We learned about students like Elena Lee from Roosevelt High School, who learned how to sew from her grandma so she could make masks for classmates and friends, and works at a math tutoring center helping other students catch up.

We learned about Mason Endsley, a Lincoln High School senior who shocked his family by landing a full-time job before graduating. His COVID experience included being part of Camp Judson during its outbreak, which meant he became the only person on the Lincoln drum line not quarantined for the homecoming show. An internship started this year at Real Property Management Express already led to a promotion as a property management associate, which will become his job after graduation.

And there are so many more. Meet some members of the class of 2021 who will leave you inspired and convinced the future is in good hands.
Jessica Kruse, O’Gorman High School
If you didn’t know anything else about Jessica Kruse, her high school record would impress on its own: She has taken advanced placement classes for the past several years, written for the school newspaper, played so many instruments it’s hard to keep track of and recently taken up powerlifting.

“My interests are kind of everywhere,” she said.
When you learn what else she has had to deal with in her 18 years, her success becomes even more admirable.
“I’ve been very school-oriented. My dad was the complete opposite and wanted me to do better than he did,” she said.
Kruse is a self-described “Daddy’s girl.” She calls her father, Stephen, her best friend.

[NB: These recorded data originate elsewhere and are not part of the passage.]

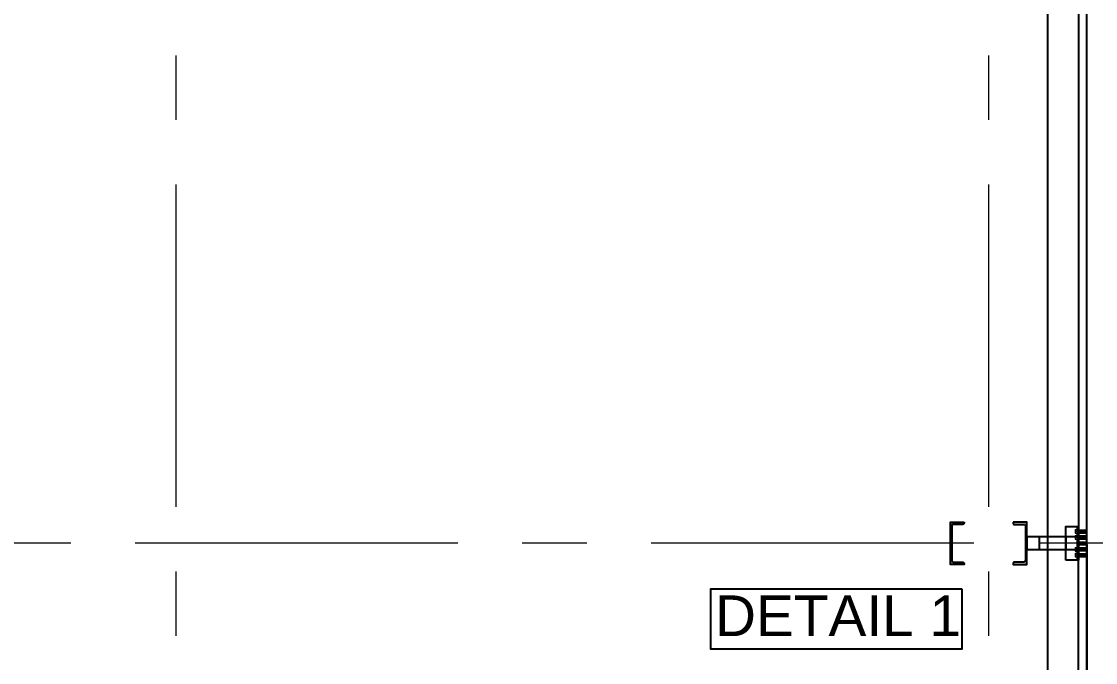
# Model space of a CAD drawing. Header units: millimetres. Extents: x 3470347 to 5996549, y -3470518 to 17149644.
# Drawn here: x 4856201 to 4862544, y 6634123 to 6637910 of the extents above; entities that cross this region are included whole.
import ezdxf
from ezdxf.enums import TextEntityAlignment as Align

# ---------------------------------------------------------------- set-up
doc = ezdxf.new("R2010")
doc.units = ezdxf.units.MM
doc.header["$MEASUREMENT"] = 0
doc.linetypes.add('CENTER', pattern=[50.8, 31.75, -6.35, 6.35, -6.35])
doc.layers.get('0').update_dxf_attribs({"linetype": 'CONTINUOUS', "lineweight": 25})
doc.layers.add('5', color=3, linetype='CONTINUOUS')
doc.layers.add('lintel', color=2, linetype='CONTINUOUS')
doc.layers.add('CENTER', color=8, linetype='CENTER', lineweight=0)
doc.layers.add('channnel', color=2, linetype='CONTINUOUS', lineweight=15)
doc.styles.add('TITLE', font='arial.ttf')

msp = doc.modelspace()

# ---------------------------------------------------------------- hatches: boundary and pattern name
at = {"transparency": 33554559}
h = msp.add_hatch(color=1, dxfattribs=at)
h.dxf.hatch_style = 1
h.paths.add_polyline_path([(4861687.87, 6634952.26), (4861687.87, 6634702.26), (4861767.87, 6634702.26), (4861767.87, 6634706.36, 0.4142136), (4861757.87, 6634716.36), (4861704.97, 6634716.36, -0.4142136), (4861694.97, 6634726.36), (4861694.97, 6634928.16, -0.4142136), (4861704.97, 6634938.16), (4861757.87, 6634938.16, 0.4142136), (4861767.87, 6634948.16), (4861767.87, 6634952.26)])
h = msp.add_hatch(color=1, dxfattribs=at)
h.dxf.hatch_style = 1
h.paths.add_polyline_path([(4862137.87, 6634952.26), (4862137.87, 6634702.26), (4862057.87, 6634702.26), (4862057.87, 6634706.36, -0.4142136), (4862067.87, 6634716.36), (4862120.77, 6634716.36, 0.4142136), (4862130.77, 6634726.36), (4862130.77, 6634928.16, 0.4142136), (4862120.77, 6634938.16), (4862067.87, 6634938.16, -0.4142136), (4862057.87, 6634948.16), (4862057.87, 6634952.26)])

# ---------------------------------------------------------------- linework, layer by layer
at = {"color": 3}
msp.add_line((4862436.87, 6634927.26, 0), (4862436.87, 6634727.26, 0), dxfattribs=at)
at = {"color": 8, "linetype": 'ByBlock'}
for p, q in [((4862436.87, 6634905.26, 0), (4862492.87, 6634905.26, 0)), ((4862436.87, 6634897.26, 0), (4862492.87, 6634897.26, 0)), ((4862436.87, 6634889.26, 0), (4862492.87, 6634889.26, 0)), ((4862436.87, 6634870.26, 0), (4862492.87, 6634870.26, 0)), ((4862436.87, 6634862.26, 0), (4862492.87, 6634862.26, 0)), ((4862436.87, 6634854.26, 0), (4862492.87, 6634854.26, 0)), ((4862436.87, 6634800.26, 0), (4862492.87, 6634800.26, 0)), ((4862436.87, 6634792.26, 0), (4862492.87, 6634792.26, 0)), ((4862436.87, 6634784.26, 0), (4862492.87, 6634784.26, 0)), ((4862436.87, 6634765.26, 0), (4862492.87, 6634765.26, 0)), ((4862436.87, 6634757.26, 0), (4862492.87, 6634757.26, 0)), ((4862436.87, 6634749.26, 0), (4862492.87, 6634749.26, 0))]:
    msp.add_line(p, q, dxfattribs=at)
at = {"color": 2}
for p, q in [((4862444.87, 6634833.93, 0), (4862492.87, 6634833.93, 0)), ((4862444.87, 6634833.93, 0), (4862492.87, 6634833.93, 0)), ((4862444.87, 6634820.59, 0), (4862492.87, 6634820.59, 0)), ((4862444.87, 6634820.59, 0), (4862492.87, 6634820.59, 0))]:
    msp.add_line(p, q, dxfattribs=at)
at = {"color": 8, "elevation": 0}
for points in [[(4832492.87, 6641107.26), (4832492.87, 6611107.26), (4862492.87, 6611107.26), (4862492.87, 6641107.26)], [(4832722.87, 6640877.26), (4832722.87, 6611337.26), (4862262.87, 6611337.26), (4862262.87, 6640877.26)]]:
    msp.add_lwpolyline(points, close=True, dxfattribs=at)
at = {"color": 6, "linetype": 'ByBlock', "elevation": 0}
for points in [[(4862492.87, 6634833.93), (4862492.87, 6640620.59), (4862444.87, 6640620.59), (4862444.87, 6634833.93)], [(4862492.87, 6634820.59), (4862492.87, 6629033.93), (4862444.87, 6629033.93), (4862444.87, 6634820.59)]]:
    msp.add_lwpolyline(points, close=True, dxfattribs=at)
at = {"color": 1, "elevation": 0}
for points in [[(4861767.87, 6634952.26), (4861767.87, 6634948.16, -0.4142136), (4861757.87, 6634938.16), (4861704.97, 6634938.16, 0.4142136), (4861694.97, 6634928.16), (4861694.97, 6634726.36, 0.4142136), (4861704.97, 6634716.36), (4861757.87, 6634716.36, -0.4142136), (4861767.87, 6634706.36), (4861767.87, 6634702.26), (4861687.87, 6634702.26), (4861687.87, 6634952.26)], [(4862057.87, 6634952.26), (4862057.87, 6634948.16, 0.4142136), (4862067.87, 6634938.16), (4862120.77, 6634938.16, -0.4142136), (4862130.77, 6634928.16), (4862130.77, 6634726.36, -0.4142136), (4862120.77, 6634716.36), (4862067.87, 6634716.36, 0.4142136), (4862057.87, 6634706.36), (4862057.87, 6634702.26), (4862137.87, 6634702.26), (4862137.87, 6634952.26)]]:
    msp.add_lwpolyline(points, format="xyb", close=True, dxfattribs=at)
at = {"color": 3, "elevation": 0}
for points in [[(4862369.87, 6634727.26), (4862369.87, 6634927.26), (4862444.87, 6634927.26), (4862444.87, 6634727.26)], [(4862212.87, 6634864.76), (4862137.87, 6634864.76), (4862137.87, 6634789.76), (4862212.87, 6634789.76)], [(4862444.87, 6634864.76), (4862369.87, 6634864.76), (4862369.87, 6634789.76), (4862444.87, 6634789.76)]]:
    msp.add_lwpolyline(points, close=True, dxfattribs=at)
at = {"layer": 'CENTER', "color": 8, "ltscale": 60}
for p, q in [((4857113.2, 6646090.98, 0), (4857113.2, 6608276.48, 0)), ((4861912.87, 6646090.98, 0), (4861912.87, 6608276.48, 0)), ((4864873.95, 6634827.26, 0), (4827811.52, 6634827.26, 0))]:
    msp.add_line(p, q, dxfattribs=at)
at = {"layer": 'channnel', "color": 8, "linetype": 'ByBlock'}
for p, q in [((4862424.55, 6634907.93, 0), (4862436.87, 6634907.93, 0)), ((4862436.87, 6634897.26, 0), (4862424.55, 6634897.26, 0)), ((4862424.55, 6634886.59, 0), (4862436.87, 6634886.59, 0)), ((4862424.55, 6634872.93, 0), (4862436.87, 6634872.93, 0)), ((4862436.87, 6634907.93, 0), (4862436.87, 6634886.59, 0)), ((4862436.87, 6634905.26, 0), (4862492.87, 6634905.26, 0)), ((4862436.87, 6634889.26, 0), (4862492.87, 6634889.26, 0)), ((4862436.87, 6634872.93, 0), (4862436.87, 6634851.59, 0)), ((4862436.87, 6634870.26, 0), (4862492.87, 6634870.26, 0)), ((4862451.27, 6634889.26, 0), (4862451.27, 6634905.26, 0)), ((4862451.27, 6634854.26, 0), (4862451.27, 6634870.26, 0)), ((4862492.87, 6634905.26, 0), (4862492.87, 6634889.26, 0)), ((4862492.87, 6634870.26, 0), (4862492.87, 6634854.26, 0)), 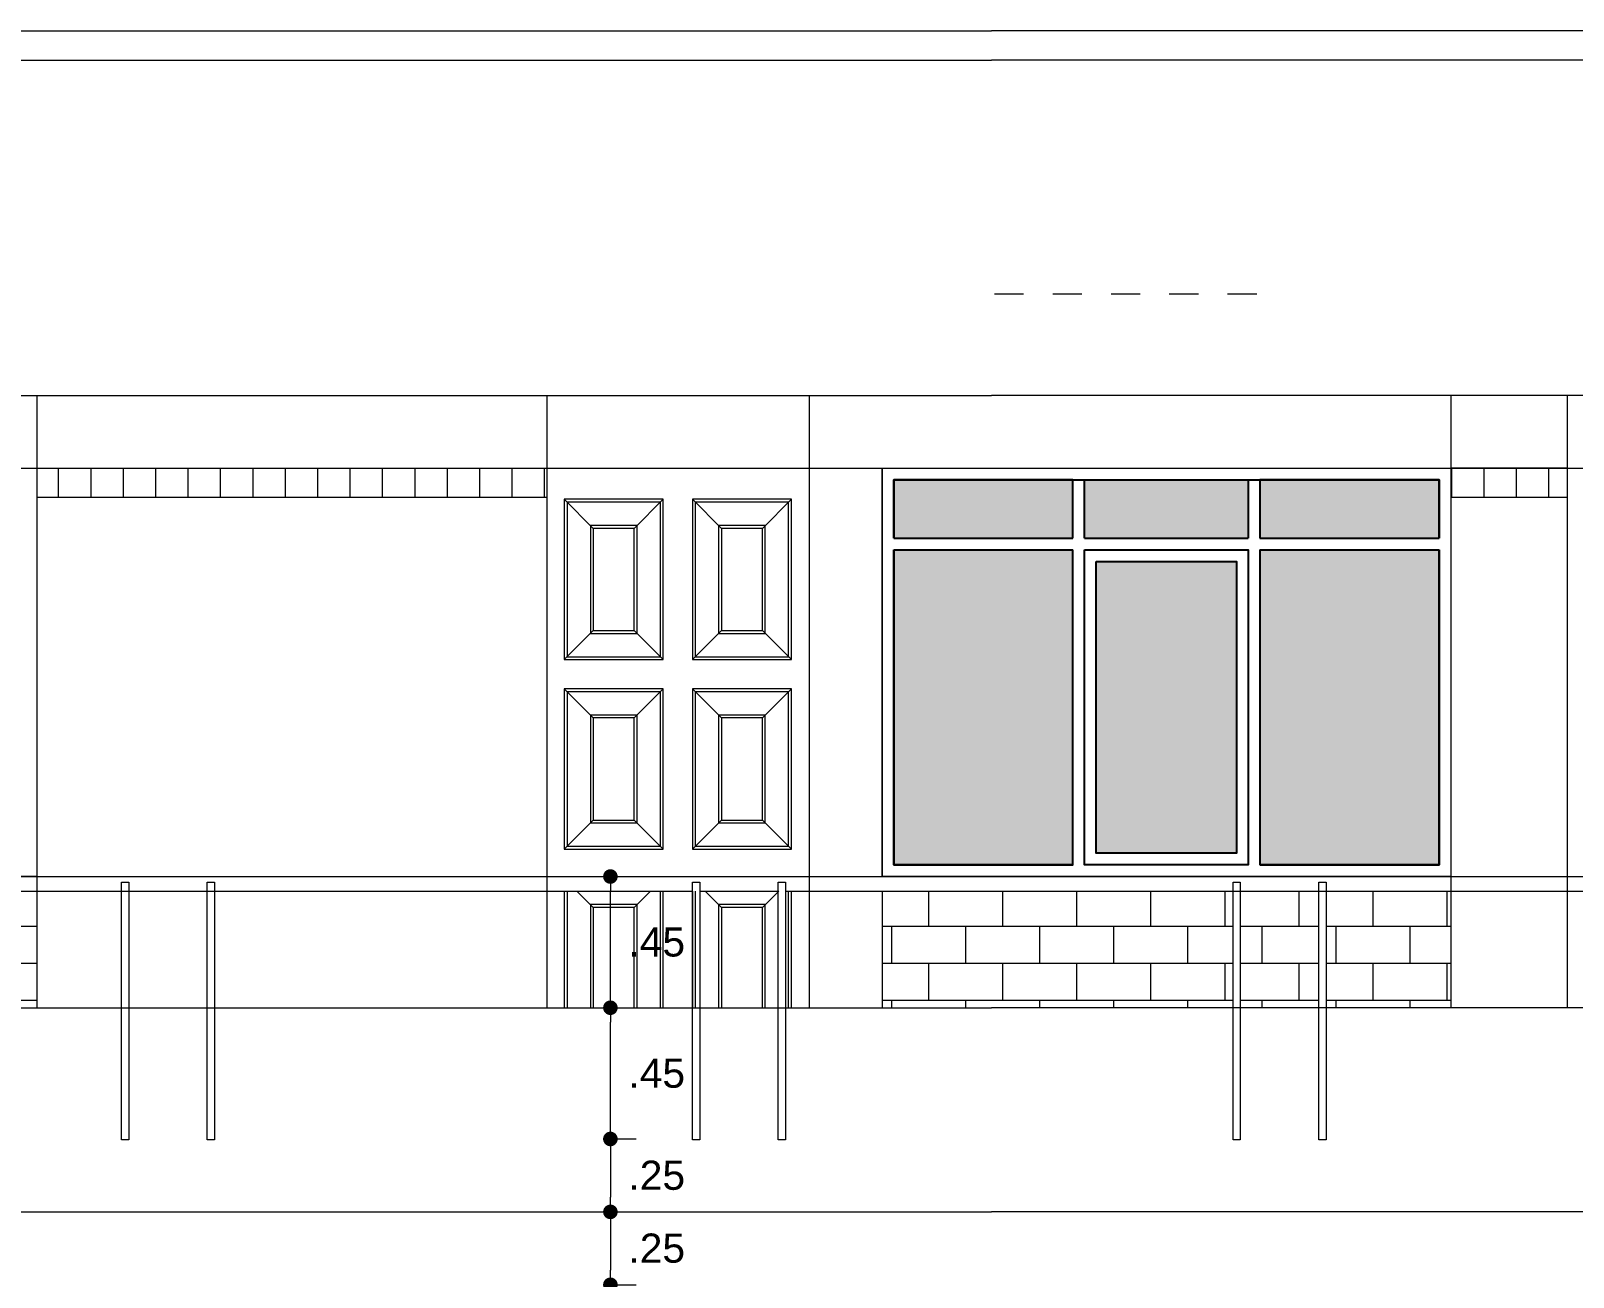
# Model space of a CAD drawing. Header units: millimetres. Extents: x 2178 to 2304, y 1220 to 1359.
# Drawn here: x 2266.21 to 2271.5, y 1240.53 to 1244.8 of the extents above; entities that cross this region are included whole.
import ezdxf

# ---------------------------------------------------------------- set-up
doc = ezdxf.new("R2010")
doc.units = ezdxf.units.MM
doc.linetypes.add('HIDDEN2', pattern=[0.1875, 0.125, -0.0625])
doc.layers.get('0').update_dxf_attribs({"lineweight": 0})
for name, color, linetype, lineweight in [('Pluma 0.10', 252, 'Continuous', 0), ('Proy. Volado', 150, 'HIDDEN2', 5), ('VIDRIOS', 250, 'Continuous', 5)]:
    doc.layers.add(name, color=color, linetype=linetype, lineweight=lineweight)
doc.layers.add('Vidrio', color=150, linetype='Continuous')
doc.styles.add('ARIAL', font='arial.ttf')
doc.dimstyles.new('RPM 50', dxfattribs={"dimtxt": 0.1, "dimasz": 0.05, "dimexe": 0.0885, "dimexo": 0.1535, "dimgap": 0.071, "dimtad": 2, "dimtih": 1, "dimtoh": 1, "dimzin": 4, "dimdsep": 46, "dimtxsty": 'ARIAL', "dimblk": 'DOT', "dimcen": 0.4, "dimdle": 0.25, "dimclrd": 8, "dimclre": 8, "dimclrt": 9, "dimadec": 0, "dimazin": 0, "dimtfac": 1, "dimtix": 1, "dimtmove": 0, "dimatfit": 3, "dimldrblk": 'DOT', "dimfxl": 0.5, "dimfxlon": 1, "dimlwd": 0, "dimlwe": 0, "dimarcsym": 0})

# ---------------------------------------------------------------- blocks, each defined once
blk = doc.blocks.new('_DOT')
at = {"color": 0, "linetype": 'ByBlock'}
blk.add_line((-0.5, 0), (-1, 0), dxfattribs=at)
at = {"color": 0, "linetype": 'ByBlock', "const_width": 0.5}
blk.add_lwpolyline([(-0.25, 0, 1), (0.25, 0, 1)], format="xyb", close=True, dxfattribs=at)
blk = doc.blocks.new('*D1556')
at = {"color": 8, "lineweight": 0, "transparency": 16777216}
for p, q in [((2268.1973, 1241.4546), (2268.2858, 1241.4546)), ((2268.1973, 1241.0546), (2268.1973, 1241.4046)), ((2268.1973, 1241.0046), (2268.2858, 1241.0046))]:
    blk.add_line(p, q, dxfattribs=at)
at = {"layer": 'Defpoints', "color": 0, "transparency": 16777216}
for p in [(2268.1722, 1241.4546), (2268.1973, 1241.4546), (2268.1973, 1241.0046)]:
    blk.add_point(p, dxfattribs=at)
at = {"color": 8, "lineweight": 0, "transparency": 16777216, "xscale": 0.05, "yscale": 0.05, "zscale": 0.05}
for p, rotation in [((2268.1973, 1241.4546), 90), ((2268.1973, 1241.0046), 270)]:
    blk.add_blockref('_DOT', p, dxfattribs=dict(at, rotation=rotation))
at = {"color": 9, "transparency": 16777216, "insert": (2268.3563, 1241.2296), "char_height": 0.1, "attachment_point": 5, "style": 'ARIAL'}
blk.add_mtext('.45', dxfattribs=at)
blk = doc.blocks.new('*D1557')
at = {"color": 8, "lineweight": 0, "transparency": 16777216}
for p, q in [((2268.1973, 1241.9046), (2268.2858, 1241.9046)), ((2268.1973, 1241.5046), (2268.1973, 1241.8546)), ((2268.1973, 1241.4546), (2268.2858, 1241.4546))]:
    blk.add_line(p, q, dxfattribs=at)
at = {"layer": 'Defpoints', "color": 0, "transparency": 16777216}
for p in [(2268.1973, 1241.9046), (2268.1973, 1241.9046), (2268.1722, 1241.4546)]:
    blk.add_point(p, dxfattribs=at)
at = {"color": 8, "lineweight": 0, "transparency": 16777216, "xscale": 0.05, "yscale": 0.05, "zscale": 0.05}
for p, rotation in [((2268.1973, 1241.9046), 90), ((2268.1973, 1241.4546), 270)]:
    blk.add_blockref('_DOT', p, dxfattribs=dict(at, rotation=rotation))
at = {"color": 9, "transparency": 16777216, "insert": (2268.3563, 1241.6796), "char_height": 0.1, "attachment_point": 5, "style": 'ARIAL'}
blk.add_mtext('.45', dxfattribs=at)
blk = doc.blocks.new('*D1558')
at = {"color": 8, "lineweight": 0, "transparency": 16777216}
for p, q in [((2268.1973, 1241.0046), (2268.2858, 1241.0046)), ((2268.1973, 1240.9546), (2268.1973, 1240.8046)), ((2268.1973, 1240.7546), (2268.2858, 1240.7546))]:
    blk.add_line(p, q, dxfattribs=at)
at = {"layer": 'Defpoints', "color": 0, "transparency": 16777216}
for p in [(2268.1973, 1241.0046), (2268.1973, 1240.7546), (2268.1973, 1240.7546)]:
    blk.add_point(p, dxfattribs=at)
at = {"color": 8, "lineweight": 0, "transparency": 16777216, "xscale": 0.05, "yscale": 0.05, "zscale": 0.05}
for p, rotation in [((2268.1973, 1241.0046), 90), ((2268.1973, 1240.7546), 270)]:
    blk.add_blockref('_DOT', p, dxfattribs=dict(at, rotation=rotation))
at = {"color": 9, "transparency": 16777216, "insert": (2268.3563, 1240.8796), "char_height": 0.1, "attachment_point": 5, "style": 'ARIAL'}
blk.add_mtext('.25', dxfattribs=at)
blk = doc.blocks.new('*D1559')
at = {"color": 8, "lineweight": 0, "transparency": 16777216}
for p, q in [((2268.1973, 1240.7546), (2268.2858, 1240.7546)), ((2268.1973, 1240.7046), (2268.1973, 1240.5546)), ((2268.1973, 1240.5046), (2268.2858, 1240.5046))]:
    blk.add_line(p, q, dxfattribs=at)
at = {"layer": 'Defpoints', "color": 0, "transparency": 16777216}
for p in [(2268.1973, 1240.7546), (2268.119, 1240.5046), (2268.1973, 1240.5046)]:
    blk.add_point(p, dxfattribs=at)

He’s the reason she spent the past approximately eight years in Sioux Falls. Before that, it was a different story.
Stephen, a civil engineer, met Kruse’s mother while working in the Philippines. They moved to Washington state, where she was born, and from there, “we moved all over the place.” Jobs took them to Arizona, Colorado, Canada and back to Washington. Then, when Jessica was in fourth grade, her grandfather became sick in the Philippines, and her mother moved back to care for him.
“I haven’t seen my mom since fourth grade,” she said.
Lost paperwork meant she couldn’t return. Divorce followed, and Jessica moved to Sioux Falls, where her father had family, and lived with her paternal grandparents so she wouldn’t move along with her father’s work.
“Every Friday, he’d pick me up, take me to a buffet, and we’d drive around and talk, and he’d ask me to update him about my week, and he’d update me on his,” she said. “And he’d call me through the week to make sure I was doing OK and wasn’t drowning in schoolwork.”
Then, in her sophomore year, came devastating news: Her father had liver cancer. He was expected to live six months. It became twice that, before he died at age 62 in January 2020.
“It felt like he stayed because of me,” she said. “He always said, ‘I’ll go when I know you’re going to be OK.’ He held off as long as he could. And it was right before COVID hit, which was fortunate. They had to close off visitors from coming into hospice … and if we weren’t able to visit because of COVID, that would have been horrible.”
Then, as a high schooler living with her grandparents, Jessica became the one to help the family navigate the pandemic. She quit her job at Hy-Vee so she wouldn’t expose the household to more risk than necessary, she ran out and got whatever the family needed so her grandparents could stay home, and she skipped things like games and activities.
“It was hard because it’s senior year, and it’s the last time I get to do stuff, but family is more important,” she said.
She has learned to find the good amid the challenges, she said. Going to school virtually for the end of her junior year led her to form a close group of friends as they did homework together via FaceTime.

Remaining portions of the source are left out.